Fig. 3 (a) The coordination environment of Cd(II) ion in 3; (b) view of the 2D bilayer subunit in 3; (c) schematic illustration of the polycatenation framework in 3. Hydrogen atoms and guest molecules are omitted for clarity. Symmetry codes: (A) x, 2 + y, 1 + z; (B) −1 + x, 1 + y, 1 + z.

Thermal analysis and PXRD results

Thermal stabilities of these new crystalline materials have been measured under nitrogen atmosphere to check the stability as shown in Fig. S2.† Complexes 1, 2 and 3 exhibit two main weight loss stages. In the TGA curve of complex 1, there are two continuous weight-loss steps. The first weight loss of 3.06% in the temperature range of 40 to 135 °C is equivalent of losing one lattice water molecule with a calculated value of 3.18%. The second weight-loss in the temperature from about 320 °C to 600 °C can be attributed to the collapse of the structure. For complex 2, a weight loss of about 4.93% occurs between 130 °C to 220 °C corresponds to the removal of the one coordinated water molecule and the one guest water molecule (calcd 5.02%). The second weight loss step start at about 220 °C and end at 560 °C can be ascribe to the collapse of the structure. For complex 3, the weight loss attributed to the release of the three uncoordinated water molecule is observed from 40 to 95 °C (obsd 6.80%, calcd 6.85%). The decomposition of the residual composition occurs from 285 to 560 °C. The final thermal decomposition products are unidentified because they are amorphous. The powder X-ray diffraction analyses of complexes 1–3 have also been carried out at room temperature. The experimental PXRD are in good agreement with the simulated patterns from the single-crystal structures as shown in Fig. S3,† which reveals the phase purity of the bulk crystalline materials.

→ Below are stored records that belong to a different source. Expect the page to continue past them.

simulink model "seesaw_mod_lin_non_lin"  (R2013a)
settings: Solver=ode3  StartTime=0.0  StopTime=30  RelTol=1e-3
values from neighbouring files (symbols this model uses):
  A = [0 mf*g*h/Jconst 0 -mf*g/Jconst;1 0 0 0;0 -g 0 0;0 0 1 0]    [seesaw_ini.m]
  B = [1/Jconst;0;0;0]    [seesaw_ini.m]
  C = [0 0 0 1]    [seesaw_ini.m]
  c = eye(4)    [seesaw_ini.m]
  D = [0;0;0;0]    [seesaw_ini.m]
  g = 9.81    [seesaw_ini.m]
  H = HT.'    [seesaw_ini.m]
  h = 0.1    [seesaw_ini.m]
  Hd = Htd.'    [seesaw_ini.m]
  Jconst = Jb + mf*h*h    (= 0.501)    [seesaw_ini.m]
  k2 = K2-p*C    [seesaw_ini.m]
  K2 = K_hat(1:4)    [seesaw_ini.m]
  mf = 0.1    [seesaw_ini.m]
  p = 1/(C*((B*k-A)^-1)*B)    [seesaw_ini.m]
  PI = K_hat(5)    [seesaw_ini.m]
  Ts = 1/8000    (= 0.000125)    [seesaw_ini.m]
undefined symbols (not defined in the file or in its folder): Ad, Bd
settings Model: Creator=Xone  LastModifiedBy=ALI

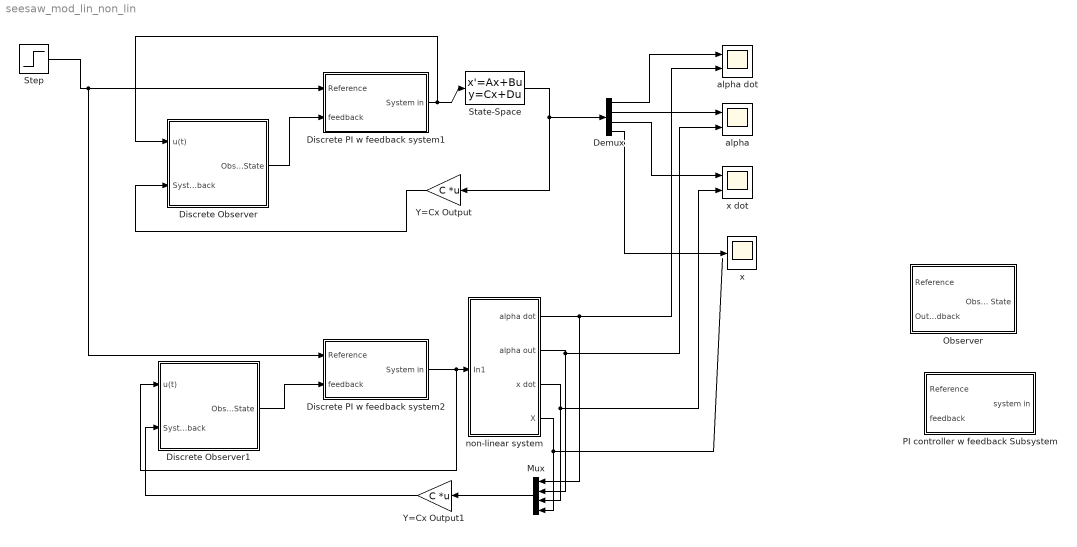
== system seesaw_mod_lin_non_lin ==
  Demux : Demux
  Discrete Observer : Subsystem
  Discrete Observer1 : Subsystem
  Discrete PI w feedback system1 : Subsystem
  Discrete PI w feedback system2 : Subsystem
  Mux : Mux
  Observer : Subsystem
  PI controller w feedback Subsystem : Subsystem
  State-Space : StateSpace  A=A  B=B  C=c  D=D  X0=[0;0;0;0.05]
  Step : Step  SampleTime=0
  Y=Cx Output : Gain  Gain=C  Multiplication=Matrix(K*u)
  Y=Cx Output1 : Gain  Gain=C  Multiplication=Matrix(K*u)
  alpha : Scope  NumInputPorts=2
      settings: YMin=-5~-5  YMax=5~5  SaveName=alphalin
  alpha dot : Scope  NumInputPorts=2
      settings: TimeRange=10  YMin=-5~-5  YMax=5~5  SaveName=adotlin
  non-linear system : Subsystem
  x : Scope
      settings: SaveName=xlin
  x dot : Scope  NumInputPorts=2
      settings: YMin=-5~-5  YMax=5~5  SaveName=xdotlin
  wires:
  State-Space/1 -> Y=Cx Output/1, Demux/1
  Demux/1 -> alpha dot/1
  Demux/2 -> alpha/1
  Demux/3 -> x dot/1
  Demux/4 -> x/1
  Y=Cx Output/1 -> Discrete Observer/2(System Feedback)
  Mux/1 -> Y=Cx Output1/1
  Step/1 -> Discrete PI w feedback system1/1(Reference), Discrete PI w feedback system2/1(Reference)
  Discrete Observer/1(Observed State) -> Discrete PI w feedback system1/2(" feedback")
  non-linear system/1(alpha dot) -> alpha dot/2, Mux/1
  non-linear system/2(alpha out) -> alpha/2, Mux/2
  non-linear system/3(x dot) -> x dot/2, Mux/3
  non-linear system/4("X ") -> Mux/4
  Y=Cx Output1/1 -> Discrete Observer1/2(System Feedback)
  Discrete PI w feedback system1/1(System in) -> Discrete Observer/1(u(t)), State-Space/1
  Discrete PI w feedback system2/1(System in) -> Discrete Observer1/1(u(t)), non-linear system/1(In1)
  Discrete Observer1/1(Observed State) -> Discrete PI w feedback system2/2(" feedback")

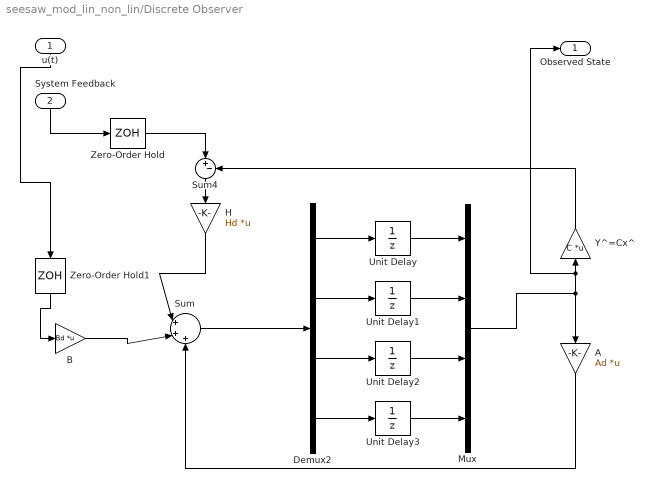
== system seesaw_mod_lin_non_lin/Discrete Observer ==
  u(t) : Inport
  System Feedback : Inport  Port=2
  "A " : Gain  Gain=Ad  Multiplication=Matrix(K*u)
  B : Gain  Gain=Bd  Multiplication=Matrix(K*u) (u vector)
  Demux2 : Demux
  H : Gain  Gain=Hd  Multiplication=Matrix(K*u) (u vector)
  Mux : Mux
  Sum : Sum  Inputs=|+++
  Sum4 : Sum  Inputs=|+-
  Unit Delay{,1..3} (4 alike) : UnitDelay  SampleTime=-1
  Y^=Cx^ : Gain  Gain=C  Multiplication=Matrix(K*u)
  Zero-Order Hold : ZeroOrderHold  SampleTime=Ts
  Zero-Order Hold1 : ZeroOrderHold  SampleTime=Ts
  Observed State : Outport
  wires:
  B/1 -> Sum/2
  H/1 -> Sum/1
  Sum/1 -> Demux2/1
  Mux/1 -> Y^=Cx^/1, Observed State/1, "A "/1
  "A "/1 -> Sum/3
  Zero-Order Hold1/1 -> B/1
  Unit Delay1/1 -> Mux/2
  Unit Delay/1 -> Mux/1
  Zero-Order Hold/1 -> Sum4/1
  Y^=Cx^/1 -> Sum4/2
  Demux2/4 -> Unit Delay3/1
  Demux2/3 -> Unit Delay2/1
  Demux2/2 -> Unit Delay1/1
  Demux2/1 -> Unit Delay/1
  System Feedback/1 -> Zero-Order Hold/1
  u(t)/1 -> Zero-Order Hold1/1
  Unit Delay3/1 -> Mux/4
  Unit Delay2/1 -> Mux/3
  Sum4/1 -> H/1

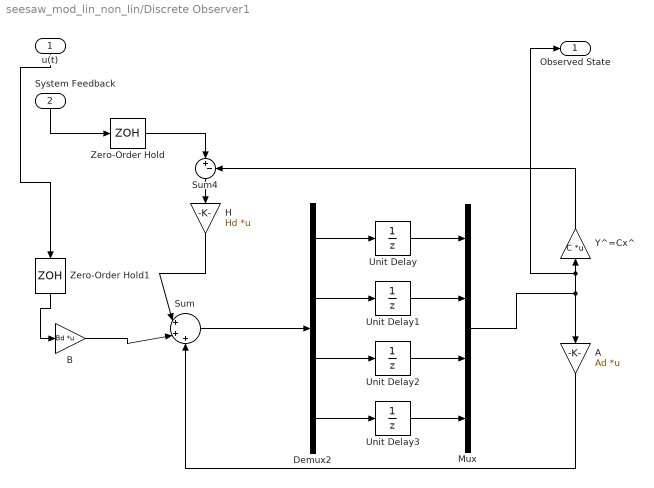
== system seesaw_mod_lin_non_lin/Discrete Observer1 ==
  u(t) : Inport
  System Feedback : Inport  Port=2
  "A " : Gain  Gain=Ad  Multiplication=Matrix(K*u)
  B : Gain  Gain=Bd  Multiplication=Matrix(K*u) (u vector)
  Demux2 : Demux
  H : Gain  Gain=Hd  Multiplication=Matrix(K*u) (u vector)
  Mux : Mux
  Sum : Sum  Inputs=|+++
  Sum4 : Sum  Inputs=|+-
  Unit Delay{,1..3} (4 alike) : UnitDelay  SampleTime=-1
  Y^=Cx^ : Gain  Gain=C  Multiplication=Matrix(K*u)
  Zero-Order Hold : ZeroOrderHold  SampleTime=Ts
  Zero-Order Hold1 : ZeroOrderHold  SampleTime=Ts
  Observed State : Outport
  wires:
  Sum4/1 -> H/1
  Unit Delay2/1 -> Mux/3
  Unit Delay3/1 -> Mux/4
  u(t)/1 -> Zero-Order Hold1/1
  System Feedback/1 -> Zero-Order Hold/1
  Demux2/1 -> Unit Delay/1
  Demux2/2 -> Unit Delay1/1
  Demux2/3 -> Unit Delay2/1
  Demux2/4 -> Unit Delay3/1
  Y^=Cx^/1 -> Sum4/2
  Zero-Order Hold/1 -> Sum4/1
  Unit Delay/1 -> Mux/1
  Unit Delay1/1 -> Mux/2
  Zero-Order Hold1/1 -> B/1
  "A "/1 -> Sum/3
  Mux/1 -> "A "/1, Observed State/1, Y^=Cx^/1
  Sum/1 -> Demux2/1
  H/1 -> Sum/1
  B/1 -> Sum/2

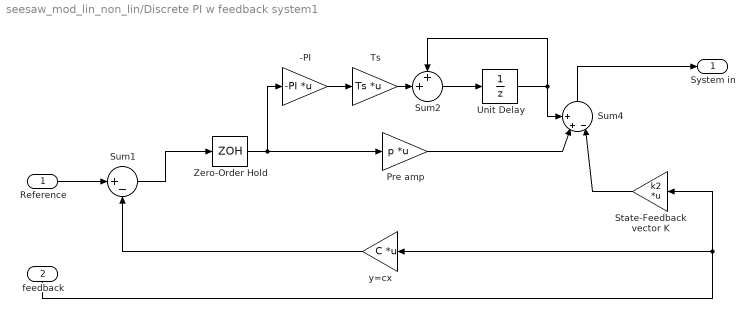
== system seesaw_mod_lin_non_lin/Discrete PI w feedback system1 ==
  Reference : Inport
  " feedback" : Inport  Port=2
  -PI : Gain  Gain=-PI  Multiplication=Matrix(K*u) (u vector)
  Pre amp : Gain  Gain=p  Multiplication=Matrix(K*u) (u vector)
  State-Feedback vector K : Gain  Gain=k2  Multiplication=Matrix(K*u) (u vector)
  Sum1 : Sum  Inputs=|+-
  Sum2 : Sum  Inputs=++|
  Sum4 : Sum  Inputs=++-|
  Ts : Gain  Gain=Ts  Multiplication=Matrix(K*u) (u vector)
  Unit Delay : UnitDelay  SampleTime=-1
  Zero-Order Hold : ZeroOrderHold  SampleTime=Ts
  y=cx : Gain  Gain=C  Multiplication=Matrix(K*u) (u vector)
  System in : Outport
  wires:
  Reference/1 -> Sum1/1
  " feedback"/1 -> y=cx/1, State-Feedback vector K/1
  State-Feedback vector K/1 -> Sum4/3
  -PI/1 -> Ts/1
  Unit Delay/1 -> Sum4/1, Sum2/1
  Ts/1 -> Sum2/2
  Sum4/1 -> System in/1
  y=cx/1 -> Sum1/2
  Sum1/1 -> Zero-Order Hold/1
  Zero-Order Hold/1 -> -PI/1, Pre amp/1
  Pre amp/1 -> Sum4/2
  Sum2/1 -> Unit Delay/1

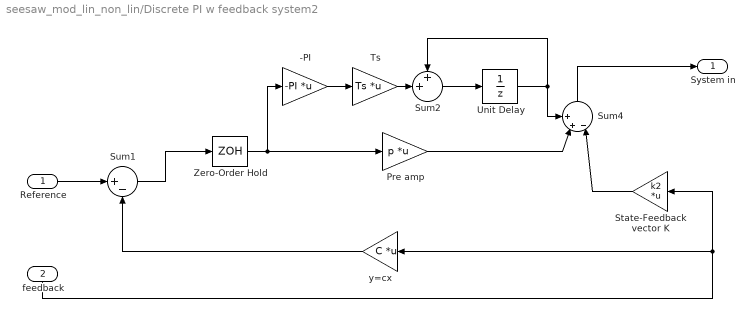
== system seesaw_mod_lin_non_lin/Discrete PI w feedback system2 ==
  Reference : Inport
  " feedback" : Inport  Port=2
  -PI : Gain  Gain=-PI  Multiplication=Matrix(K*u) (u vector)
  Pre amp : Gain  Gain=p  Multiplication=Matrix(K*u) (u vector)
  State-Feedback vector K : Gain  Gain=k2  Multiplication=Matrix(K*u) (u vector)
  Sum1 : Sum  Inputs=|+-
  Sum2 : Sum  Inputs=++|
  Sum4 : Sum  Inputs=++-|
  Ts : Gain  Gain=Ts  Multiplication=Matrix(K*u) (u vector)
  Unit Delay : UnitDelay  SampleTime=-1
  Zero-Order Hold : ZeroOrderHold  SampleTime=Ts
  y=cx : Gain  Gain=C  Multiplication=Matrix(K*u) (u vector)
  System in : Outport
  wires:
  Sum2/1 -> Unit Delay/1
  Pre amp/1 -> Sum4/2
  Zero-Order Hold/1 -> Pre amp/1, -PI/1
  Sum1/1 -> Zero-Order Hold/1
  y=cx/1 -> Sum1/2
  Sum4/1 -> System in/1
  Ts/1 -> Sum2/2
  Unit Delay/1 -> Sum2/1, Sum4/1
  -PI/1 -> Ts/1
  State-Feedback vector K/1 -> Sum4/3
  " feedback"/1 -> State-Feedback vector K/1, y=cx/1
  Reference/1 -> Sum1/1

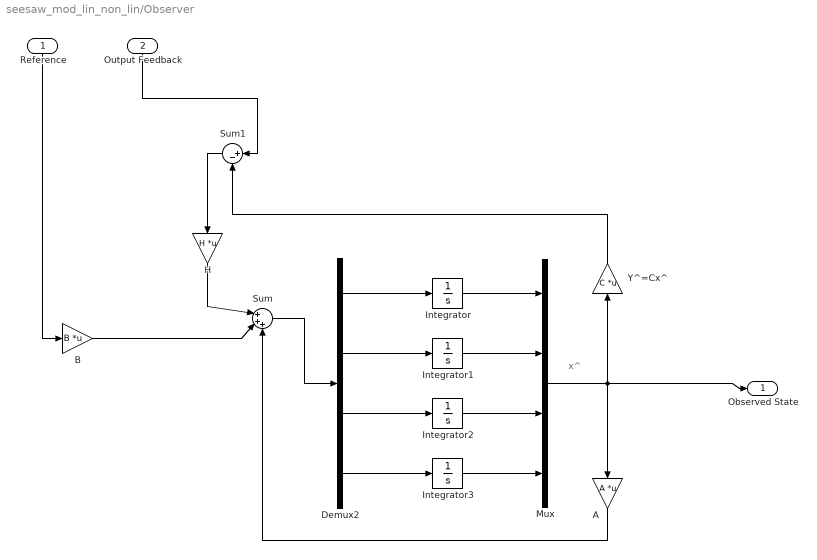
== system seesaw_mod_lin_non_lin/Observer ==
  note: x^
  Reference : Inport
  Output Feedback : Inport  Port=2
  "A " : Gain  Gain=A  Multiplication=Matrix(K*u)
  B : Gain  Gain=B  Multiplication=Matrix(K*u)
  Demux2 : Demux
  H : Gain  Gain=H  Multiplication=Matrix(K*u)
  Integrator{,1..3} (4 alike) : Integrator
  Mux : Mux
  Sum : Sum  Inputs=|+++
  Sum1 : Sum  Inputs=|+-
  Y^=Cx^ : Gain  Gain=C  Multiplication=Matrix(K*u)
  Observed State : Outport
  wires:
  Reference/1 -> B/1
  Output Feedback/1 -> Sum1/1
  Y^=Cx^/1 -> Sum1/2
  Sum1/1 -> H/1
  Sum/1 -> Demux2/1
  "A "/1 -> Sum/3
  H/1 -> Sum/1
  B/1 -> Sum/2
  Integrator2/1 -> Mux/3
  Integrator1/1 -> Mux/2
  Integrator/1 -> Mux/1
  Mux/1 -> Y^=Cx^/1, Observed State/1, "A "/1
  Integrator3/1 -> Mux/4
  Demux2/4 -> Integrator3/1
  Demux2/3 -> Integrator2/1
  Demux2/2 -> Integrator1/1
  Demux2/1 -> Integrator/1

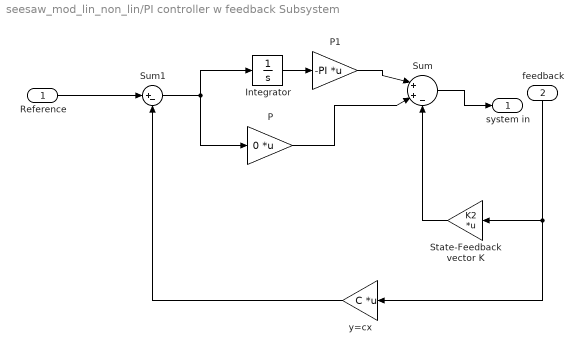
== system seesaw_mod_lin_non_lin/PI controller w feedback Subsystem ==
  Reference : Inport
  "feedback " : Inport  Port=2
  Integrator : Integrator
  P : Gain  Gain=0  Multiplication=Matrix(K*u) (u vector)
  P1 : Gain  Gain=-PI  Multiplication=Matrix(K*u) (u vector)
  State-Feedback vector K : Gain  Gain=K2  Multiplication=Matrix(K*u) (u vector)
  Sum : Sum  Inputs=|++-
  Sum1 : Sum  Inputs=|+-
  y=cx : Gain  Gain=C  Multiplication=Matrix(K*u) (u vector)
  system in : Outport
  wires:
  Sum1/1 -> Integrator/1, P/1
  P/1 -> Sum/2
  State-Feedback vector K/1 -> Sum/3
  Integrator/1 -> P1/1
  y=cx/1 -> Sum1/2
  P1/1 -> Sum/1
  Sum/1 -> system in/1
  Reference/1 -> Sum1/1
  "feedback "/1 -> State-Feedback vector K/1, y=cx/1

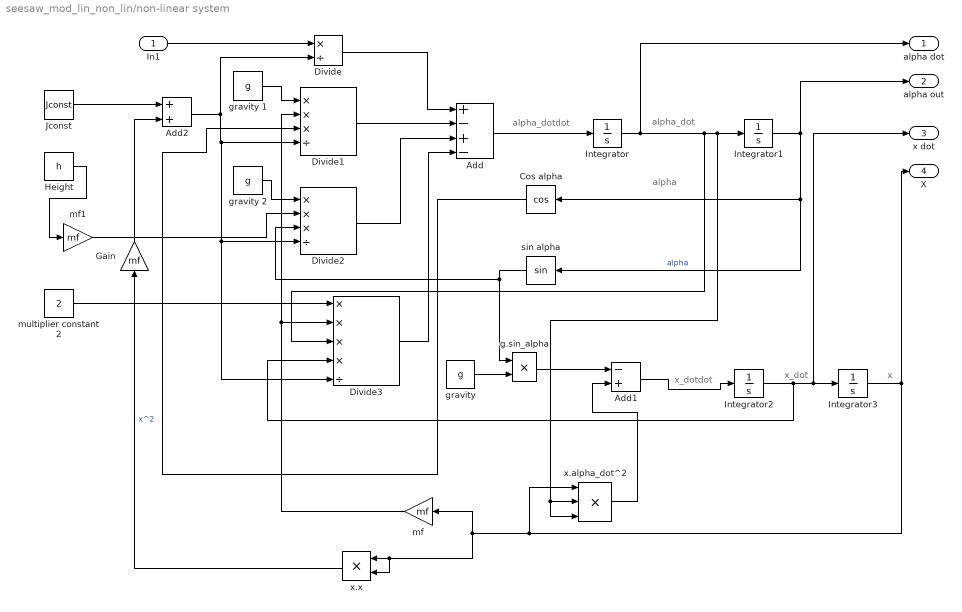
== system seesaw_mod_lin_non_lin/non-linear system ==
  note: alpha
  note: alpha_dotdot
  note: alpha_dot
  note: x_dotdot
  note: x_dot
  note: x
  In1 : Inport
  Add : Sum  Inputs=+-+-
  Add1 : Sum  Inputs=-+
  Add2 : Sum
  Cos alpha : Trigonometry  Operator=cos
  Divide : Product  Inputs=*/
  Divide1 : Product  Inputs=***/
  Divide2 : Product  Inputs=***/
  Divide3 : Product  Inputs=****/
  Gain : Gain  Gain=mf
  Height : Constant  Value=h
  Integrator{,1..3} (4 alike) : Integrator
  "Jconst " : Constant  Value=Jconst
  g.sin_alpha : Product  Inputs=**
  "gravity " : Constant  Value=g
  gravity 1 : Constant  Value=g
  gravity 2 : Constant  Value=g
  mf : Gain  Gain=mf
  mf1 : Gain  Gain=mf
  multiplier constant 2 : Constant  Value=2
  sin alpha : Trigonometry
  x.alpha_dot^2 : Product  Inputs=***
  x.x : Product  Inputs=**
  alpha dot : Outport
  alpha out : Outport  Port=2
  x dot : Outport  Port=3
  "X " : Outport  Port=4
  wires:
  Add/1 -> Integrator/1
  Integrator/1 -> alpha dot/1, Divide3/3, x.alpha_dot^2/3, x.alpha_dot^2/2, Integrator1/1
  Add1/1 -> Integrator2/1
  Integrator2/1 -> Divide3/4, x dot/1, Integrator3/1
  Divide/1 -> Add/1
  Integrator3/1 -> x.alpha_dot^2/1, mf/1, x.x/1, x.x/2, "X "/1
  x.x/1 -> Gain/1  "x^2"
  "Jconst "/1 -> Add2/1
  Gain/1 -> Add2/2
  sin alpha/1 -> Divide2/3, g.sin_alpha/1
  "gravity "/1 -> g.sin_alpha/2
  x.alpha_dot^2/1 -> Add1/2
  Divide1/1 -> Add/2
  Divide2/1 -> Add/3
  Height/1 -> mf1/1
  Integrator1/1 -> alpha out/1, Cos alpha/1, sin alpha/1  "alpha"
  Divide3/1 -> Add/4
  g.sin_alpha/1 -> Add1/1
  In1/1 -> Divide/1
  Add2/1 -> Divide/2, Divide3/5, Divide2/4, Divide1/4
  Cos alpha/1 -> Divide1/3
  mf/1 -> Divide3/2, Divide1/2
  gravity 1/1 -> Divide1/1
  gravity 2/1 -> Divide2/1
  mf1/1 -> Divide2/2
  multiplier constant 2/1 -> Divide3/1

UV-vis absorbance properties and photocatalytic activity

The solid-state UV-vis spectra of complexes 1–3 were measured at room temperature and the results are shown in Fig. S4.† The bands in the wavelength range 200–300 nm for complexes 1–3 could be assigned to the excitation of π-electrons of the aromatic system.²⁰ Complex 1 and 2 show broad absorption bands in the visible light region (from about 450 nm to 550 nm for 1 and from 560 nm to 700 nm for 2), which are probably attributable to the d → d transitions of the central metal ions in the octahedron coordination field.²¹ For complex 3, no absorption were found in the visible light region due to the closed-shell electron configuration of d¹⁰ for Cd(II) ion.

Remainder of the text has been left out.